=== Work order ===
Given the listing below, write out exactly the lines starting with the line that has "add(f1.part)" and going on through the line that has "# F3_s27 → F3_t28 (revolve)", both kept.

=== Input data ===

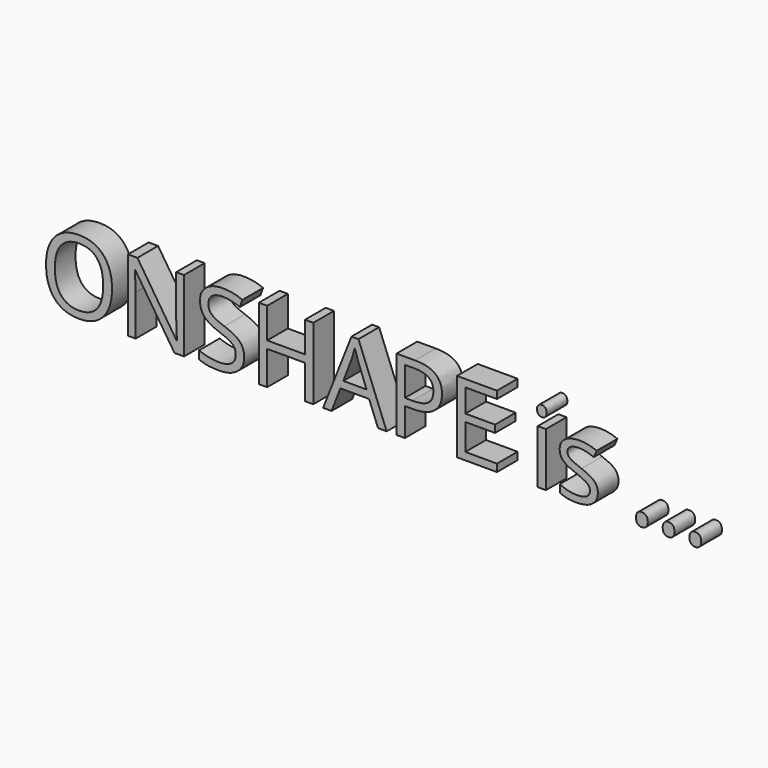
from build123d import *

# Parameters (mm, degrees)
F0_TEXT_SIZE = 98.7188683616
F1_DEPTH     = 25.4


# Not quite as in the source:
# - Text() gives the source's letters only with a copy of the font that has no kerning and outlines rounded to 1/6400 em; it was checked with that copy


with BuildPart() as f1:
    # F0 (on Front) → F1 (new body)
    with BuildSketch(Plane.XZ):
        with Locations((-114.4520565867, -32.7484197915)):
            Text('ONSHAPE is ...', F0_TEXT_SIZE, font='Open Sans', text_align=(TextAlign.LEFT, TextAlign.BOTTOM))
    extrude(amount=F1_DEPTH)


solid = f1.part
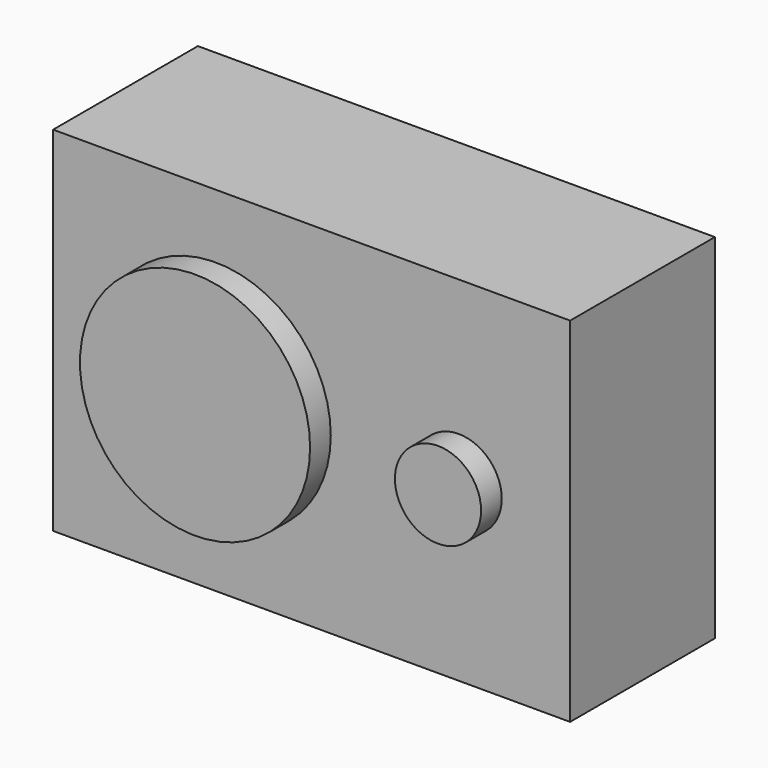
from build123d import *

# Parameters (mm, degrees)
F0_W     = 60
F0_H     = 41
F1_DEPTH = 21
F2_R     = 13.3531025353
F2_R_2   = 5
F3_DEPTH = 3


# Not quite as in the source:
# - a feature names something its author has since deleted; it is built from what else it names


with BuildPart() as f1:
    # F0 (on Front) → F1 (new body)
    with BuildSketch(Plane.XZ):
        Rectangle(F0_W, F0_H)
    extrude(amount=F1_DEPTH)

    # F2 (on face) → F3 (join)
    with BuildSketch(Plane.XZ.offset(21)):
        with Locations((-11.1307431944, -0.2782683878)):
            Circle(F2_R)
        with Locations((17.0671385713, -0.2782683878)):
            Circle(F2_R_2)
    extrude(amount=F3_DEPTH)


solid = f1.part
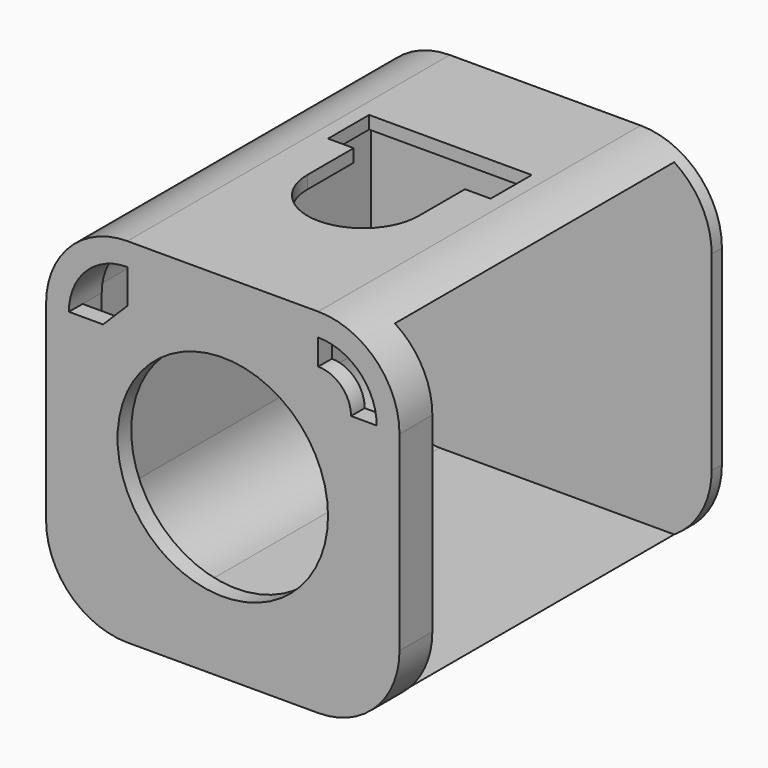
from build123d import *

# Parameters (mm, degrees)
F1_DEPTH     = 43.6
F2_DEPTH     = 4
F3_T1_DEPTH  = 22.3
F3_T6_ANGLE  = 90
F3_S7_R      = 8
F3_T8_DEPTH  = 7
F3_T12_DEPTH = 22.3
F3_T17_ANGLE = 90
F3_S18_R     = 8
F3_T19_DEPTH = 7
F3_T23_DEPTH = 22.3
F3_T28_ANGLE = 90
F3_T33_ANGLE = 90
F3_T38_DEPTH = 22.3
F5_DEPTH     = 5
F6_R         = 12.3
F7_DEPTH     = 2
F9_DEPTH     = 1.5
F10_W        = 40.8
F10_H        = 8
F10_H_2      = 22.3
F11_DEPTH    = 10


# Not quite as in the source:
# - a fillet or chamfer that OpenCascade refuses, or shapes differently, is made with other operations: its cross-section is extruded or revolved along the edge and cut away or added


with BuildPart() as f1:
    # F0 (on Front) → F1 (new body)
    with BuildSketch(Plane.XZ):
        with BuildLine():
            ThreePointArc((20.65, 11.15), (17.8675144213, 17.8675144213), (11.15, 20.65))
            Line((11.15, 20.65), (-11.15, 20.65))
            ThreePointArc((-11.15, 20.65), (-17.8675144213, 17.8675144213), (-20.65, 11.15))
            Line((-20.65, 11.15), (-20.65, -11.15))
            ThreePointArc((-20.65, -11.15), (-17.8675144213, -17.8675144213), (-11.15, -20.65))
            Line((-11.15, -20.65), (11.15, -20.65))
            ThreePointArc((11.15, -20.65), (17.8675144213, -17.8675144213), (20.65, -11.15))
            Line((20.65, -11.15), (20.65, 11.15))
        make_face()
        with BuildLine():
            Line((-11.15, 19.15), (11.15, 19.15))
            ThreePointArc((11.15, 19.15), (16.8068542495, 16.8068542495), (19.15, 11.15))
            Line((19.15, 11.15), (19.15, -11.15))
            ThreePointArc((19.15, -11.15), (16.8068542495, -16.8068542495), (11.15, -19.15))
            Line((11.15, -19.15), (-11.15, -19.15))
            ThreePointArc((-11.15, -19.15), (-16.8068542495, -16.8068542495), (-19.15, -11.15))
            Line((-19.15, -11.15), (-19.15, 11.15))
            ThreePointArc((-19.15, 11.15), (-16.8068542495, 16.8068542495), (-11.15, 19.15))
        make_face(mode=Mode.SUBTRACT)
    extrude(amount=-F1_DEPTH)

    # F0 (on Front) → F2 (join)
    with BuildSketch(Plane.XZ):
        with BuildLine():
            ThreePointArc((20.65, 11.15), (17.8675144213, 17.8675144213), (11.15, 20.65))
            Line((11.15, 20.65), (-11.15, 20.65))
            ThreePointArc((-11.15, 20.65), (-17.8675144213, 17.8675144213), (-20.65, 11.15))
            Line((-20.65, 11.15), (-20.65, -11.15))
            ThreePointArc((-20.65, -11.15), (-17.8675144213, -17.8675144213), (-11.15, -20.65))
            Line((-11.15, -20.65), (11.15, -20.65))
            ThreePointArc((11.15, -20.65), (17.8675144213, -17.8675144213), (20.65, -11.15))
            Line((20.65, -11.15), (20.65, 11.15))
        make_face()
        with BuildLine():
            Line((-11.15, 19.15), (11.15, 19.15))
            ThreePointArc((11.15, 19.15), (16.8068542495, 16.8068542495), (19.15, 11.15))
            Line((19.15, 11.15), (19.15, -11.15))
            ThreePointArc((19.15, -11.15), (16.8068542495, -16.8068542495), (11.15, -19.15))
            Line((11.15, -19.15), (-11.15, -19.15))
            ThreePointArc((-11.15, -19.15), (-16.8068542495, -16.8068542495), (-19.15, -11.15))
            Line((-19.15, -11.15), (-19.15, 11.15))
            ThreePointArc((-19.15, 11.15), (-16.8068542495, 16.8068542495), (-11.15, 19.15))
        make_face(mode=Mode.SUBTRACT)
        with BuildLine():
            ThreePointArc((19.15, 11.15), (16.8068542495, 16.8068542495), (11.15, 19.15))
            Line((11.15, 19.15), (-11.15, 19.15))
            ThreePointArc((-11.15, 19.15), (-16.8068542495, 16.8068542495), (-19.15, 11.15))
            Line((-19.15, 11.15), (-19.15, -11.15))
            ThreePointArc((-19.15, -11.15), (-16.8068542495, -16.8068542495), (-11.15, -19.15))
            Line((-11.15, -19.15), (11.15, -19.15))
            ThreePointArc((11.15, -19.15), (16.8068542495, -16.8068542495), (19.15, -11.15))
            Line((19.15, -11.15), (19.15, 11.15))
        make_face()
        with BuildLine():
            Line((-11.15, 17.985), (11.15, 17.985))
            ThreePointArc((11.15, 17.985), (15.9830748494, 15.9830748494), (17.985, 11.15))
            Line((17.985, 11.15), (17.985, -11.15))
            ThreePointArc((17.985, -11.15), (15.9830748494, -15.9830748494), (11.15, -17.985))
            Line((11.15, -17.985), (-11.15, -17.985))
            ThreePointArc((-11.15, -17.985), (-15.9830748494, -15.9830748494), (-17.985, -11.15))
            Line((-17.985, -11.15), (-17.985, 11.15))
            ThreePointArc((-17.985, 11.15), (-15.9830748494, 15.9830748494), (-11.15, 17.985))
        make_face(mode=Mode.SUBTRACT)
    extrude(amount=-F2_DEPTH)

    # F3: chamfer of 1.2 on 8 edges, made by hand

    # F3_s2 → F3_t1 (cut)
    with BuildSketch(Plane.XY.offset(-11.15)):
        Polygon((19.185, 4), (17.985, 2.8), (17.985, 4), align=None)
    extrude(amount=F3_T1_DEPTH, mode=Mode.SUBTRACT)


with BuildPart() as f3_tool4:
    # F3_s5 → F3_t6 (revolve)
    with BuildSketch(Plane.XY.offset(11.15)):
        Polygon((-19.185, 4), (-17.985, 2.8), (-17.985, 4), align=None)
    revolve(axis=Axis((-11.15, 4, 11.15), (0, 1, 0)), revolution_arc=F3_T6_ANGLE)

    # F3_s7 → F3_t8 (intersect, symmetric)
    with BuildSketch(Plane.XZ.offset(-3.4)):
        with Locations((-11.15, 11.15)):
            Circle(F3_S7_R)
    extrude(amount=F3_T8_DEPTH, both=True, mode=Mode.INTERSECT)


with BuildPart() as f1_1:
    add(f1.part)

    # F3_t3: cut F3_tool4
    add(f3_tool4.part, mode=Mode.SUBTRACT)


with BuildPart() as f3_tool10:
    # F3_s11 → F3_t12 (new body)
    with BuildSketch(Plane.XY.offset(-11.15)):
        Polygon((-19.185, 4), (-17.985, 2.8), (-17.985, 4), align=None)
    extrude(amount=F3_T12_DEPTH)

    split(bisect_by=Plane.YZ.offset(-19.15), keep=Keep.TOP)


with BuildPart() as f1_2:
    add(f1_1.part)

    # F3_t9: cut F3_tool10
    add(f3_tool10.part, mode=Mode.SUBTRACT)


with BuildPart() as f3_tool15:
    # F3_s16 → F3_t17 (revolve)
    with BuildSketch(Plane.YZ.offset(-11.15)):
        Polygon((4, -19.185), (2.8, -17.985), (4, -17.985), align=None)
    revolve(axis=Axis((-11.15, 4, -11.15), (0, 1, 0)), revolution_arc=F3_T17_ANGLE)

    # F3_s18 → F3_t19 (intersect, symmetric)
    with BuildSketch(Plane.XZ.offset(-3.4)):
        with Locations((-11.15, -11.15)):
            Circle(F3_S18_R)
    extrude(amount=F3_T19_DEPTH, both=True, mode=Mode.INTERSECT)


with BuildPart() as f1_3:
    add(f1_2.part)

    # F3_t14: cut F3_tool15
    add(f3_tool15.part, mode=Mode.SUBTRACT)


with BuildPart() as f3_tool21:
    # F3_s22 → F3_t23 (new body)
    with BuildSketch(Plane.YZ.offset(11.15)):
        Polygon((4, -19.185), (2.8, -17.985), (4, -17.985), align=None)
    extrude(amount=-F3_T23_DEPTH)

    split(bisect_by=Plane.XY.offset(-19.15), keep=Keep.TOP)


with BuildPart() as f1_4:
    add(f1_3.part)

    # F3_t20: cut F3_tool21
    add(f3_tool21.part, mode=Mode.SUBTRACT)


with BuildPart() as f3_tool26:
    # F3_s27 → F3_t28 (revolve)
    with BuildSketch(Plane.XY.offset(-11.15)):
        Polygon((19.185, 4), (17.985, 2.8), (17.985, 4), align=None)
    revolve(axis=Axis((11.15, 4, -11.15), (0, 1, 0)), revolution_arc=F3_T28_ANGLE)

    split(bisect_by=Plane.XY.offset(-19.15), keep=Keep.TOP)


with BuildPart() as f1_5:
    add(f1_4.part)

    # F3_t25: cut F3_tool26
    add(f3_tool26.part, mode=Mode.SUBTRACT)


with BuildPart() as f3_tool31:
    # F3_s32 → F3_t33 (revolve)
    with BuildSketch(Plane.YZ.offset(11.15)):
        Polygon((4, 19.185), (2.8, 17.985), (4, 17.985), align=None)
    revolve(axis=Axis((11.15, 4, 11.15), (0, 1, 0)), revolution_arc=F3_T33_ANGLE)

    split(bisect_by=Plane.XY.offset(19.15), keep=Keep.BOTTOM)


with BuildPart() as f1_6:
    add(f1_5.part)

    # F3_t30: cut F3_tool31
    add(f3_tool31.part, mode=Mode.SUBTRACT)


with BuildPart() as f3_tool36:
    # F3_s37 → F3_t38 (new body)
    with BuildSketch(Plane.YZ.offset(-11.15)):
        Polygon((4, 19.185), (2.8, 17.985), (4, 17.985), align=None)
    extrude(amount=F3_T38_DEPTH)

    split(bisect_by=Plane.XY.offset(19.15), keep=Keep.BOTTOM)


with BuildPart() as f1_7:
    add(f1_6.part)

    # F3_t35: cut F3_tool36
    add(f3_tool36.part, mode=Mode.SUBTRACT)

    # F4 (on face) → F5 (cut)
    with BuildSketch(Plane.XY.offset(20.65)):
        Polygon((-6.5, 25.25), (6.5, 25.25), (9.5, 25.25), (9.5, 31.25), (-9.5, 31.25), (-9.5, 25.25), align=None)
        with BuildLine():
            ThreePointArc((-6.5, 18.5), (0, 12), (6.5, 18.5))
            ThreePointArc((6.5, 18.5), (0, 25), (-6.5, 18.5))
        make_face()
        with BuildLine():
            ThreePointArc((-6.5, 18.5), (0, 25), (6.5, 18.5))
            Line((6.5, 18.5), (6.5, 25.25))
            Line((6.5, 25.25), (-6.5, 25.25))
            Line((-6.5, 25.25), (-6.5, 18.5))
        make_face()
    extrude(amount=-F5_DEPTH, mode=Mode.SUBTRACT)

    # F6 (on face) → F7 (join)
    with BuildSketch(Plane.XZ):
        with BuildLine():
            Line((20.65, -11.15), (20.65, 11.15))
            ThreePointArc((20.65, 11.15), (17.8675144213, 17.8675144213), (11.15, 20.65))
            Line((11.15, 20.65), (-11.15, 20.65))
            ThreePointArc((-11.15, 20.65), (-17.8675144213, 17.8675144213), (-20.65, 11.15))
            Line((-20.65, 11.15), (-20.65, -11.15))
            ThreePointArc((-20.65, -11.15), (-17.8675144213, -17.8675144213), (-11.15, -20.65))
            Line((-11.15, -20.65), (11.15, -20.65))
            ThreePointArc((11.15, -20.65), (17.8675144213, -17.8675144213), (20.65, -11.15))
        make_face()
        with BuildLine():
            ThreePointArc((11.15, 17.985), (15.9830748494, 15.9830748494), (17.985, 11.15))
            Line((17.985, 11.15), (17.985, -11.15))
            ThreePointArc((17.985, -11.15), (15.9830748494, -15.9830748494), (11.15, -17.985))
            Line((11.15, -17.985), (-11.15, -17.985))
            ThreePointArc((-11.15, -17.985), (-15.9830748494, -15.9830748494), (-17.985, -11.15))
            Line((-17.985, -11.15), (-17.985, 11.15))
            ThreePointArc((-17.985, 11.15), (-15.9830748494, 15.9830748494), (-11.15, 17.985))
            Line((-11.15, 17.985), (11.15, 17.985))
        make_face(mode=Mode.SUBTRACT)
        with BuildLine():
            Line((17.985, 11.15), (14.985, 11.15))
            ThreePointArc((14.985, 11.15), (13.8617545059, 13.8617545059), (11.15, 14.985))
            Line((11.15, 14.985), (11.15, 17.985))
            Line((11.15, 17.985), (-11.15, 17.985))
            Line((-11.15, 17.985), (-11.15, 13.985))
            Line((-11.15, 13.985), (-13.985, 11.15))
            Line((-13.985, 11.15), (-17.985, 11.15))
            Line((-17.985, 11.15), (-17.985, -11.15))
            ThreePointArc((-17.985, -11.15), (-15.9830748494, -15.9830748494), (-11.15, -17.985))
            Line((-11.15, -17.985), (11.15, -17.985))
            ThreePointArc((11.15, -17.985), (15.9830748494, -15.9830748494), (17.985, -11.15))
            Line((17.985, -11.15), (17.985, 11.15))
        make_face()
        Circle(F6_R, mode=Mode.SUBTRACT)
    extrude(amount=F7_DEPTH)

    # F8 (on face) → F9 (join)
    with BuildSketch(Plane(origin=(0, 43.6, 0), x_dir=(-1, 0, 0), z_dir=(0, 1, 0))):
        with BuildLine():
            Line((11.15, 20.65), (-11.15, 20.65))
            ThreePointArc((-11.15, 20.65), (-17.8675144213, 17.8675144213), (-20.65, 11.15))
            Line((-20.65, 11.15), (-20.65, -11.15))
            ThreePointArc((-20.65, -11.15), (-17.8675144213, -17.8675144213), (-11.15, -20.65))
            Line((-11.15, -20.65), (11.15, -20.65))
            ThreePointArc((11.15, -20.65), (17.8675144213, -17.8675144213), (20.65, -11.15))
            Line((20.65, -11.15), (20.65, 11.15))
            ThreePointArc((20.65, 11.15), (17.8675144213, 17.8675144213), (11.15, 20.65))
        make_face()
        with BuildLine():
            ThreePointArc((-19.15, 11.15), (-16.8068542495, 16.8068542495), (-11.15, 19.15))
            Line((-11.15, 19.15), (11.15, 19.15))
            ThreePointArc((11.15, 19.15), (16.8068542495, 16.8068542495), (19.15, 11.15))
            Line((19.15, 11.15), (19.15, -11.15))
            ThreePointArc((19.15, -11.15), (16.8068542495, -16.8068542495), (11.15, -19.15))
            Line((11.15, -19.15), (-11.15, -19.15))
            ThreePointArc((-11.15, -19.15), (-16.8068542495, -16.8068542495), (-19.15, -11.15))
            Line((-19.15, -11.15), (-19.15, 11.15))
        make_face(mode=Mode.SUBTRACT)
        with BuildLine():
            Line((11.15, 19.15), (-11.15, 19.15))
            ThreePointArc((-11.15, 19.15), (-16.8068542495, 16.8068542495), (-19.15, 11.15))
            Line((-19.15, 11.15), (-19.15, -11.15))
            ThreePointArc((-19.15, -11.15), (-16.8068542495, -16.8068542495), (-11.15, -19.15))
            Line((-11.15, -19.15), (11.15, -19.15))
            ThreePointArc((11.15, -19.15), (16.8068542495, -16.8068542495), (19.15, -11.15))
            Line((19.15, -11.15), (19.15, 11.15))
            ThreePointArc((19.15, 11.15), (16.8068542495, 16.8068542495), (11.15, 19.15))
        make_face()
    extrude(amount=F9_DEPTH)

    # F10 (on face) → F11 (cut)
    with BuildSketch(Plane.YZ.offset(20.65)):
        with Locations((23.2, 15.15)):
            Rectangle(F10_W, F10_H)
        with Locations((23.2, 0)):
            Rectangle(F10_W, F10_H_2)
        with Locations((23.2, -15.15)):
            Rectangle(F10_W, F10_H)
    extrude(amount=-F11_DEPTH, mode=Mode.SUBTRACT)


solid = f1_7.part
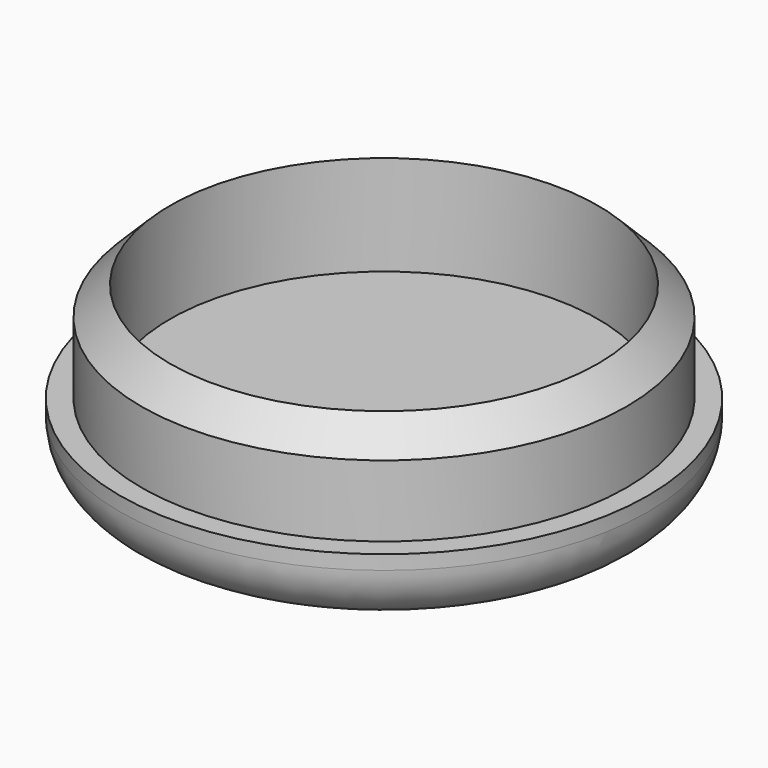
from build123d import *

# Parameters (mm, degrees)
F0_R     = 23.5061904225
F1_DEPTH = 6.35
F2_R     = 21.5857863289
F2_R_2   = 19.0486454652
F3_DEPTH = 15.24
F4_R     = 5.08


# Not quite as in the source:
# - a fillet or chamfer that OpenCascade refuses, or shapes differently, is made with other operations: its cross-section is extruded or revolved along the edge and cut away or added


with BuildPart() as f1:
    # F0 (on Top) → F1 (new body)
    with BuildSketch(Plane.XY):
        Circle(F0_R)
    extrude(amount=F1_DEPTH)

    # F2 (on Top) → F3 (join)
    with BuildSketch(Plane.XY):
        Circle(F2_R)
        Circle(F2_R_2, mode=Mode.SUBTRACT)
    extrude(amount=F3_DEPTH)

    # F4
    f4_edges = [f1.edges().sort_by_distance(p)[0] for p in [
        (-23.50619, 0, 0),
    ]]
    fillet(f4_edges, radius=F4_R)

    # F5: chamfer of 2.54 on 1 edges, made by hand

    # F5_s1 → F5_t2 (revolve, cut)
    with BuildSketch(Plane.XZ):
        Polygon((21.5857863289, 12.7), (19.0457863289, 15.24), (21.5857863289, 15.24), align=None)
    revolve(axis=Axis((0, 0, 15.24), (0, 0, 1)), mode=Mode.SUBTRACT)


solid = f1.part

=== Response below ===
    add(f1.part)

    # F3_t3: cut F3_tool4
    add(f3_tool4.part, mode=Mode.SUBTRACT)


with BuildPart() as f3_tool10:
    # F3_s11 → F3_t12 (new body)
    with BuildSketch(Plane.XY.offset(-11.15)):
        Polygon((-19.185, 4), (-17.985, 2.8), (-17.985, 4), align=None)
    extrude(amount=F3_T12_DEPTH)

    split(bisect_by=Plane.YZ.offset(-19.15), keep=Keep.TOP)


with BuildPart() as f1_2:
    add(f1_1.part)

    # F3_t9: cut F3_tool10
    add(f3_tool10.part, mode=Mode.SUBTRACT)


with BuildPart() as f3_tool15:
    # F3_s16 → F3_t17 (revolve)
    with BuildSketch(Plane.YZ.offset(-11.15)):
        Polygon((4, -19.185), (2.8, -17.985), (4, -17.985), align=None)
    revolve(axis=Axis((-11.15, 4, -11.15), (0, 1, 0)), revolution_arc=F3_T17_ANGLE)

    # F3_s18 → F3_t19 (intersect, symmetric)
    with BuildSketch(Plane.XZ.offset(-3.4)):
        with Locations((-11.15, -11.15)):
            Circle(F3_S18_R)
    extrude(amount=F3_T19_DEPTH, both=True, mode=Mode.INTERSECT)


with BuildPart() as f1_3:
    add(f1_2.part)

    # F3_t14: cut F3_tool15
    add(f3_tool15.part, mode=Mode.SUBTRACT)


with BuildPart() as f3_tool21:
    # F3_s22 → F3_t23 (new body)
    with BuildSketch(Plane.YZ.offset(11.15)):
        Polygon((4, -19.185), (2.8, -17.985), (4, -17.985), align=None)
    extrude(amount=-F3_T23_DEPTH)

    split(bisect_by=Plane.XY.offset(-19.15), keep=Keep.TOP)


with BuildPart() as f1_4:
    add(f1_3.part)

    # F3_t20: cut F3_tool21
    add(f3_tool21.part, mode=Mode.SUBTRACT)


with BuildPart() as f3_tool26:
    # F3_s27 → F3_t28 (revolve)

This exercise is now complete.